Однажды мне встретился лось. Я собирала грибы, когда он выплыл, ломая кусты, – бурый ледокол, сминающий торосы, – и сильно встряхнул обомшелыми рогами, словно пытался сбросить с головы невыносимую тяжесть. Увидев меня, лось пошлепал мясистой нижней губой, как шамкающий старик, подбирающий слова для приветствия, неуклюже развернулся и побрел обратно.
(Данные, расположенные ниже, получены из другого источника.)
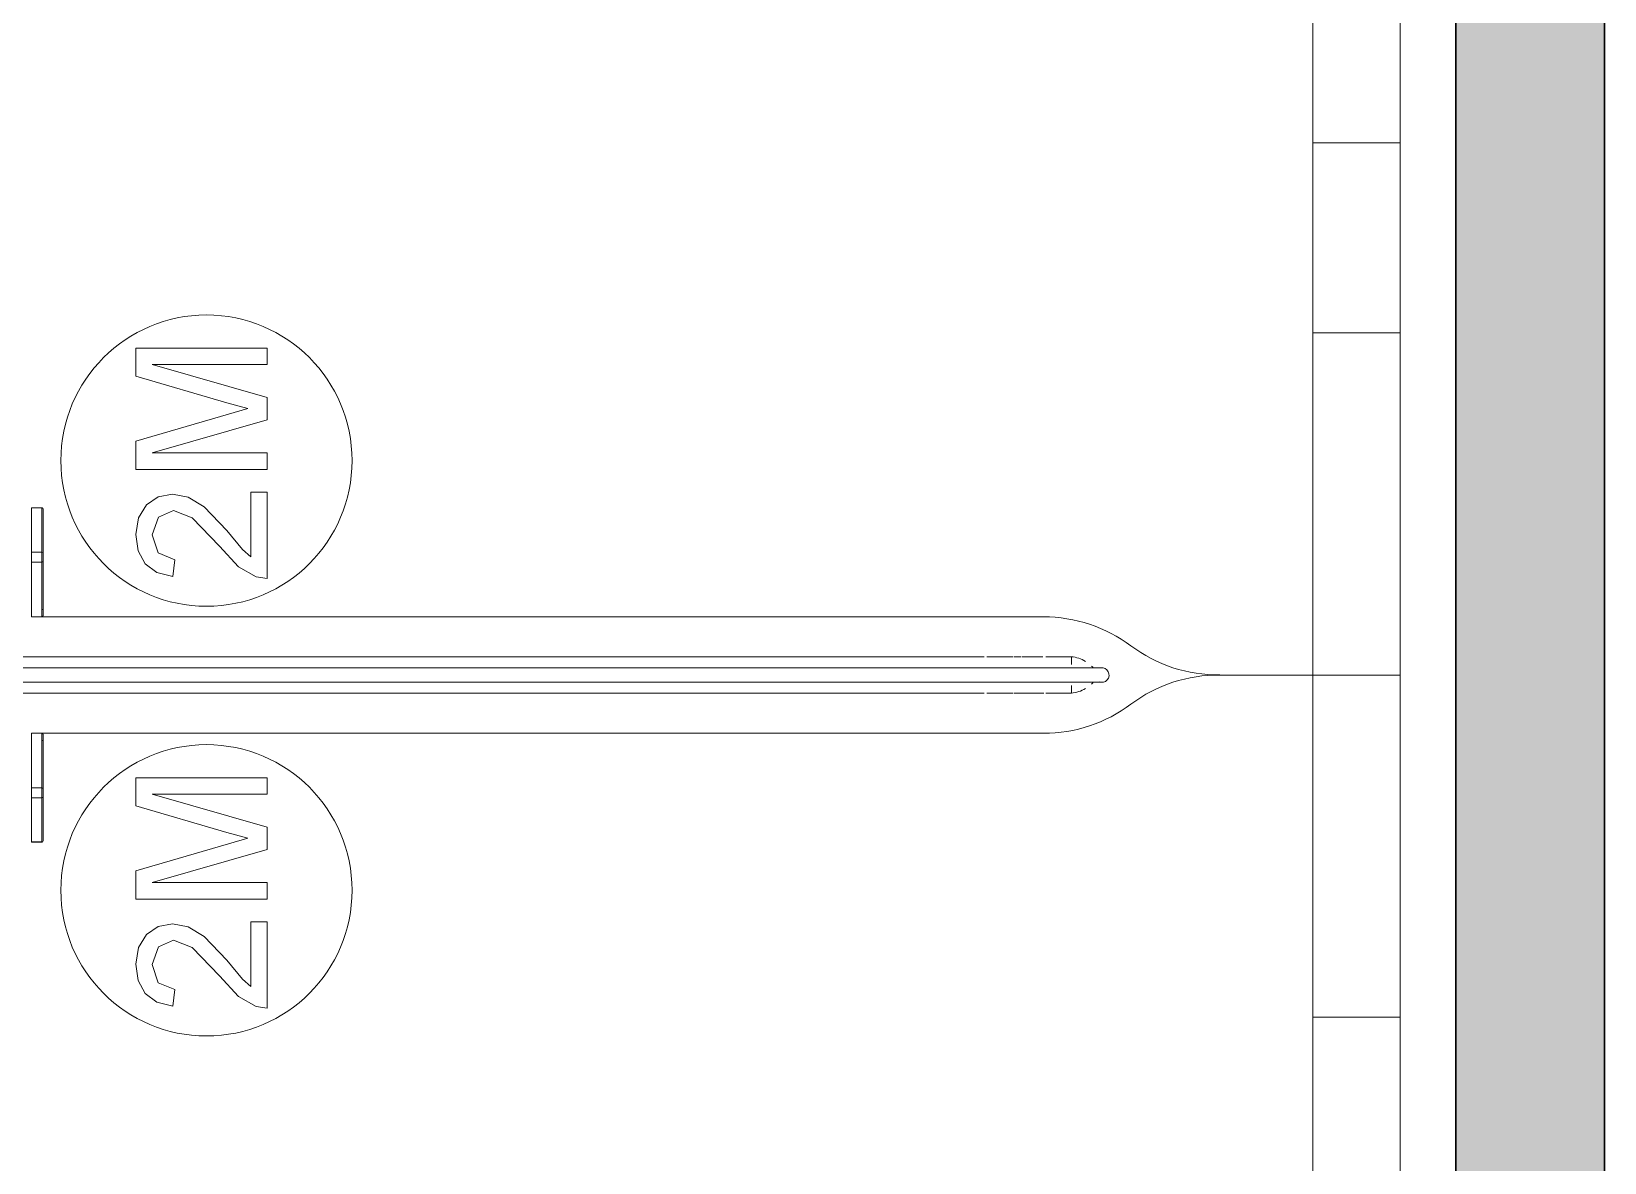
# Model space of a CAD drawing. Header units: millimetres. Extents: x 155927 to 317870, y -36033 to 97293.
# Drawn here: x 171705 to 172786, y 23993 to 24770 of the extents above; entities that cross this region are included whole.
import ezdxf

# ---------------------------------------------------------------- set-up
doc = ezdxf.new("R2010")
doc.units = ezdxf.units.MM
doc.header["$MEASUREMENT"] = 0
for name, color, linetype, lineweight in [('A-WALL-PATT', 7, 'CONTINUOUS', 9), ('I-FURN', 8, 'CONTINUOUS', 9), ('I-WALL', 7, 'CONTINUOUS', 9)]:
    doc.layers.add(name, color=color, linetype=linetype, lineweight=lineweight)

msp = doc.modelspace()

# ---------------------------------------------------------------- hatches: boundary and pattern name
at = {"layer": 'A-WALL-PATT'}
msp.add_hatch(color=256, dxfattribs=at).paths.add_polyline_path([(172713.5, 21107.6), (172785.8, 21107.6), (172785.8, 26806.6), (172683.8, 26806.6), (172683.8, 21107.6)], flags=0)

# ---------------------------------------------------------------- linework, layer by layer
at = {"layer": 'I-FURN'}
for p, q in [((172585.5, 24693.4), (172585.5, 25128)), ((172645.5, 25128), (172645.5, 24693.4)), ((172645.5, 24328), (172645.5, 25128)), ((172645.5, 25128), (172645.5, 24328)), ((172585.5, 25088), (172585.5, 23568)), ((172645.5, 23568), (172645.5, 25088)), ((172585.5, 24563), (172585.5, 24693.4)), ((172645.5, 24693.4), (172585.5, 24693.4)), ((172645.5, 24693.4), (172585.5, 24693.4)), ((172645.5, 24693.4), (172645.5, 24563)), ((172585.5, 24093), (172585.5, 24563)), ((172645.5, 24563), (172585.5, 24563)), ((172645.5, 24563), (172585.5, 24563)), ((172645.5, 24563), (172645.5, 24093)), ((171867.3, 24552.5), (171776.9, 24552.5)), ((171776.9, 24552.5), (171776.9, 24533.1)), ((171867.3, 24541.2), (171867.3, 24552.5)), ((171867.3, 24518.5), (171788.2, 24541.2)), ((171788.2, 24541.2), (171867.3, 24541.2)), ((171776.9, 24533.1), (171839.6, 24514.9)), ((171867.3, 24503.2), (171867.3, 24518.5)), ((171840.7, 24507.1), (171776.9, 24488.6)), ((171839.6, 24514.9), (171854, 24510.9)), ((171854, 24510.9), (171840.7, 24507.1)), ((171788.2, 24480.5), (171867.3, 24503.2)), ((171776.9, 24488.6), (171776.9, 24469.2)), ((171867.3, 24480.5), (171788.2, 24480.5)), ((171867.3, 24469.2), (171867.3, 24480.5)), ((171776.9, 24469.2), (171867.3, 24469.2)), ((171856, 24453.6), (171856, 24409.2)), ((171867.3, 24453.6), (171856, 24453.6)), ((171867.3, 24394.3), (171867.3, 24453.6)), ((171712.3, 24442.9), (171705.3, 24442.9)), ((171712.3, 24442.9), (171705.3, 24442.9)), ((171705.3, 24442.9), (171712.3, 24442.9)), ((171705.3, 24442.9), (171705.3, 24442.7)), ((171712.3, 24442.7), (171705.3, 24442.7)), ((171705.3, 24442.7), (171705.3, 24412.4)), ((171712.3, 24442.9), (171712.3, 24442.7)), ((171712.3, 24442.7), (171712.3, 24412.4)), ((171713.1, 24442.5), (171713.1, 24442.5)), ((171784.2, 24444.8), (171778.7, 24436)), ((171792.3, 24450.4), (171784.2, 24444.8)), ((171802.1, 24452.2), (171792.3, 24450.4)), ((171812.9, 24450.2), (171802.1, 24452.2)), ((171823.9, 24443.5), (171812.9, 24450.2)), ((171839.4, 24427.3), (171823.9, 24443.5)), ((171713.3, 24411.6), (171713.3, 24441.9)), ((171713.3, 24411.6), (171713.3, 24441.9)), ((171778.7, 24436), (171776.9, 24424.5)), ((171788.2, 24424.3), (171792.5, 24436.3)), ((171792.5, 24436.3), (171802.8, 24440.9)), ((171802.8, 24440.9), (171815.6, 24436)), ((171815.6, 24436), (171834.5, 24416.5)), ((171776.9, 24424.5), (171778.6, 24413.2)), ((171792.4, 24411.8), (171788.2, 24424.3)), ((171850.3, 24414.3), (171839.4, 24427.3)), ((171712.3, 24412.4), (171705.3, 24412.4)), ((171705.3, 24412.4), (171705.3, 24405.5)), ((171712.3, 24412.4), (171712.3, 24405.5)), ((171713.3, 24411.6), (171713.3, 24373)), ((171713.3, 24406.1), (171713.3, 24411.6)), ((171778.6, 24413.2), (171783.4, 24404.4)), ((171803.8, 24407), (171792.4, 24411.8)), ((171834.5, 24416.5), (171847.6, 24402.4)), ((171856, 24409.2), (171850.3, 24414.3)), ((171712.3, 24405.5), (171705.3, 24405.5)), ((171705.3, 24405.5), (171705.3, 24368)), ((171712.3, 24405.5), (171712.3, 24368)), ((171713.3, 24369), (171713.3, 24406.1)), ((171783.4, 24404.4), (171791.4, 24398.5)), ((171802.4, 24395.7), (171803.8, 24407)), ((171847.6, 24402.4), (171859.6, 24395.5)), ((171791.4, 24398.5), (171802.4, 24395.7)), ((171859.6, 24395.5), (171867.3, 24394.3)), ((171705.3, 24368), (171712.3, 24368)), ((171712.3, 24368), (171705.3, 24368)), ((171713.3, 24373), (171712.3, 24373)), ((171712.3, 24368), (172400.5, 24368)), ((172400.5, 24368), (171712.3, 24368)), ((171713.3, 24373), (171713.3, 24369)), ((171521.4, 24340.6), (172359.6, 24340.6)), ((172361.6, 24340.5), (172379.3, 24340.5)), ((172380.1, 24340.6), (172385, 24340.6)), ((172385.9, 24340.5), (172400.1, 24340.5)), ((172402, 24340.5), (172419.6, 24340.5)), ((172413.4, 24340.6), (172415, 24340.6)), ((172419.6, 24335.3), (172419.6, 24340.5)), ((172359.6, 24333), (171521.4, 24333)), ((172360.5, 24333), (172359.6, 24333)), ((172363.7, 24333), (172360.5, 24333)), ((172366.9, 24333), (172363.7, 24333)), ((172370.1, 24333), (172366.9, 24333)), ((172373.3, 24333), (172370.1, 24333)), ((172376.5, 24333), (172373.3, 24333)), ((172379.7, 24333), (172376.5, 24333)), ((172382.8, 24333), (172379.7, 24333)), ((172385.9, 24333), (172382.8, 24333)), ((172388.9, 24333), (172385.9, 24333)), ((172391.9, 24333), (172388.9, 24333)), ((172394.8, 24333), (172391.9, 24333)), ((172397.7, 24333), (172394.8, 24333)), ((172400.5, 24333), (172397.7, 24333)), ((172403.3, 24333), (172400.5, 24333)), ((172406, 24333), (172403.3, 24333)), ((172408.6, 24333), (172406, 24333)), ((172411.1, 24333), (172408.6, 24333)), ((172413.6, 24333), (172411.1, 24333)), ((172416, 24333), (172413.6, 24333)), ((172418.2, 24333), (172416, 24333)), ((172420.4, 24333), (172418.2, 24333)), ((172422.5, 24333), (172420.4, 24333)), ((172424.5, 24333), (172422.5, 24333)), ((172426.4, 24333), (172424.5, 24333)), ((172428.1, 24333), (172426.4, 24333)), ((172429.8, 24333), (172428.1, 24333)), ((172431.4, 24333), (172429.8, 24333)), ((172432.8, 24333), (172431.4, 24333)), ((172434.1, 24333), (172432.8, 24333)), ((172435.3, 24333), (172434.1, 24333)), ((172436.4, 24333), (172435.3, 24333)), ((172437.3, 24333), (172436.4, 24333)), ((172438.2, 24333), (172437.3, 24333)), ((172438.9, 24333), (172438.2, 24333)), ((172439.5, 24333), (172438.9, 24333)), ((172439.9, 24333), (172439.5, 24333)), ((172440.2, 24333), (172439.9, 24333)), ((172440.4, 24333), (172440.2, 24333)), ((172440.5, 24333), (172440.4, 24333)), ((172645.5, 24328), (172521.6, 24328)), ((172521.6, 24328), (172645.5, 24328)), ((172521.6, 24328), (172645.5, 24328)), ((172645.5, 24328), (172521.6, 24328)), ((172645.5, 23528), (172645.5, 24328)), ((172645.5, 24328), (172645.5, 23528)), ((171521.4, 24323), (172359.6, 24323)), ((172359.6, 24315.5), (171521.4, 24315.5)), ((172359.6, 24323), (172362.8, 24323)), ((172379.3, 24315.5), (172361.6, 24315.5)), ((172362.8, 24323), (172366, 24323)), ((172366, 24323), (172369.3, 24323)), ((172369.3, 24323), (172372.5, 24323)), ((172372.5, 24323), (172375.7, 24323)), ((172375.7, 24323), (172378.8, 24323)), ((172378.8, 24323), (172381.9, 24323)), ((172385, 24315.5), (172380.1, 24315.5)), ((172381.9, 24323), (172385, 24323)), ((172400.7, 24315.5), (172384.8, 24315.5)), ((172385, 24323), (172388.1, 24323)), ((172388.1, 24323), (172391.1, 24323)), ((172391.1, 24323), (172394, 24323)), ((172394, 24323), (172396.9, 24323)), ((172396.9, 24323), (172399.8, 24323)), ((172399.8, 24323), (172402.6, 24323)), ((172419.6, 24315.5), (172402, 24315.5)), ((172402.6, 24323), (172405.3, 24323)), ((172405.3, 24323), (172407.9, 24323)), ((172407.9, 24323), (172410.5, 24323)), ((172410.5, 24323), (172412.9, 24323)), ((172412.9, 24323), (172415.3, 24323)), ((172415, 24315.5), (172413.4, 24315.5)), ((172415.3, 24323), (172417.6, 24323)), ((172417.6, 24323), (172419.8, 24323)), ((172419.6, 24315.5), (172419.6, 24320.8)), ((172419.8, 24323), (172421.9, 24323)), ((172421.9, 24323), (172424, 24323)), ((172424, 24323), (172425.9, 24323)), ((172425.9, 24323), (172427.7, 24323)), ((172427.7, 24323), (172429.4, 24323)), ((172429.4, 24323), (172430.9, 24323)), ((172430.9, 24323), (172432.4, 24323)), ((172432.4, 24323), (172433.8, 24323)), ((172433.8, 24323), (172435, 24323)), ((172435, 24323), (172436.1, 24323)), ((172436.1, 24323), (172437.1, 24323)), ((172437.1, 24323), (172438, 24323)), ((172438, 24323), (172438.7, 24323)), ((172438.7, 24323), (172439.3, 24323)), ((172439.3, 24323), (172439.8, 24323)), ((172439.8, 24323), (172440.2, 24323)), ((172440.2, 24323), (172440.4, 24323)), ((172440.4, 24323), (172440.5, 24323)), ((172440.5, 24323), (172440.5, 24323)), ((171712.3, 24288), (171705.3, 24288)), ((171712.3, 24288), (171705.3, 24288)), ((171705.3, 24288), (171705.3, 24250.6)), ((172400.5, 24288), (171712.3, 24288)), ((171712.3, 24288), (172400.5, 24288)), ((171712.3, 24288), (171712.3, 24250.6)), ((171712.3, 24283), (171713.3, 24283)), ((171713.3, 24287), (171713.3, 24287)), ((171713.3, 24250), (171713.3, 24287)), ((171713.3, 24287), (171713.3, 24283)), ((171713.3, 24283), (171713.3, 24244.5)), ((171712.3, 24250.6), (171705.3, 24250.6)), ((171705.3, 24250.6), (171705.3, 24243.7)), ((171712.3, 24250.6), (171712.3, 24243.7)), ((171713.3, 24244.5), (171713.3, 24250)), ((171867.3, 24257.5), (171776.9, 24257.5)), ((171776.9, 24257.5), (171776.9, 24238.1)), ((171867.3, 24246.2), (171867.3, 24257.5)), ((171712.3, 24243.7), (171705.3, 24243.7)), ((171705.3, 24243.7), (171705.3, 24213.4)), ((171712.3, 24243.7), (171712.3, 24213.4)), ((171713.3, 24214.2), (171713.3, 24244.5)), ((171713.3, 24214.2), (171713.3, 24244.5)), ((171776.9, 24238.1), (171839.6, 24219.9)), ((171867.3, 24223.5), (171788.2, 24246.2)), ((171788.2, 24246.2), (171867.3, 24246.2)), ((171839.6, 24219.9), (171854, 24215.9)), ((171854, 24215.9), (171840.7, 24212.1)), ((171867.3, 24208.2), (171867.3, 24223.5)), ((171712.3, 24213.4), (171705.3, 24213.4)), ((171705.3, 24213.4), (171705.3, 24213.2)), ((171705.3, 24213.2), (171712.3, 24213.2)), ((171705.3, 24213.2), (171712.3, 24213.2)), ((171705.3, 24213.2), (171712.3, 24213.2)), ((171712.3, 24213.4), (171712.3, 24213.2)), ((171713.1, 24213.6), (171713.1, 24213.5)), ((171840.7, 24212.1), (171776.9, 24193.6)), ((171788.2, 24185.5), (171867.3, 24208.2)), ((171776.9, 24193.6), (171776.9, 24174.2)), ((171867.3, 24185.5), (171788.2, 24185.5)), ((171867.3, 24174.2), (171867.3, 24185.5)), ((171776.9, 24174.2), (171867.3, 24174.2)), ((171792.3, 24155.4), (171784.2, 24149.8)), ((171802.1, 24157.2), (171792.3, 24155.4)), ((171812.9, 24155.2), (171802.1, 24157.2)), ((171823.9, 24148.5), (171812.9, 24155.2)), ((171856, 24158.6), (171856, 24114.2)), ((171867.3, 24158.6), (171856, 24158.6)), ((171867.3, 24099.3), (171867.3, 24158.6)), ((171778.7, 24141), (171776.9, 24129.5)), ((171784.2, 24149.8), (171778.7, 24141)), ((171788.2, 24129.3), (171792.5, 24141.3)), ((171792.5, 24141.3), (171802.8, 24145.9)), ((171802.8, 24145.9), (171815.6, 24141)), ((171815.6, 24141), (171834.5, 24121.5)), ((171839.4, 24132.3), (171823.9, 24148.5)), ((171776.9, 24129.5), (171778.6, 24118.2)), ((171792.4, 24116.8), (171788.2, 24129.3)), ((171850.3, 24119.3), (171839.4, 24132.3)), ((171778.6, 24118.2), (171783.4, 24109.4)), ((171834.5, 24121.5), (171847.6, 24107.4)), ((171856, 24114.2), (171850.3, 24119.3)), ((171783.4, 24109.4), (171791.4, 24103.5)), ((171803.8, 24112), (171792.4, 24116.8)), ((171802.4, 24100.7), (171803.8, 24112)), ((171847.6, 24107.4), (171859.6, 24100.5)), ((171791.4, 24103.5), (171802.4, 24100.7)), ((171859.6, 24100.5), (171867.3, 24099.3)), ((172585.5, 23963), (172585.5, 24093)), ((172645.5, 24093), (172585.5, 24093)), ((172645.5, 24093), (172585.5, 24093)), ((172645.5, 24093), (172645.5, 23963))]:
    msp.add_line(p, q, dxfattribs=at)
at = {"layer": 'I-FURN', "flags": 128}
for points in [[(171712.3, 24442.9), (171712.4, 24442.9), (171712.4, 24442.9), (171712.4, 24442.9), (171712.5, 24442.9), (171712.5, 24442.8), (171712.6, 24442.8), (171712.6, 24442.8), (171712.6, 24442.8), (171712.7, 24442.8), (171712.7, 24442.8), (171712.7, 24442.8), (171712.8, 24442.8), (171712.8, 24442.7)], [(171713.3, 24406.1), (171713.3, 24406.2), (171713.3, 24406.3), (171713.3, 24406.5), (171713.3, 24406.6), (171713.3, 24406.8), (171713.3, 24406.9), (171713.3, 24407.1), (171713.3, 24407.2), (171713.3, 24407.4), (171713.3, 24407.5), (171713.3, 24407.7), (171713.3, 24407.8), (171713.3, 24408), (171713.3, 24408.1), (171713.3, 24408.3), (171713.3, 24408.5), (171713.3, 24408.6), (171713.3, 24408.8), (171713.3, 24408.9), (171713.3, 24409.1), (171713.3, 24409.3), (171713.3, 24409.4), (171713.3, 24409.6), (171713.3, 24409.7), (171713.3, 24409.9), (171713.3, 24410), (171713.3, 24410.2), (171713.3, 24410.3), (171713.3, 24410.4), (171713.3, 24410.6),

Несколько дней я ходила потрясенная этой встречей, будто мне доверили нечто бесценное, чего я не заслужила.

А теперь, значит, пристрелить лису.

– Не нужно этого делать, – сказала я с чрезмерной, кажется, сухостью. – Лиса не бешеная.

– А вам откуда известно? – удивился Мансуров.

– Она здесь своя.

Он усмехнулся:

– Так и мы теперь тоже не чужие.

Нет, вы чужие, хотелось сказать мне, убирайтесь, откуда явились, не смейте вторгаться в наш мир и начинать с угроз, кто вы такие, чтобы убивать моих друзей? Да, черт бы вас побрал, я одинокая старуха, у меня их наперечет, так оставьте мне мою жизнь с теми, кого я сама выбрала в спутники!

Когда Мансуровы уходили, я смотрела на них из окна. Он шел твердо, как человек, всегда знающий, куда ступать. Она шла за ним след в след.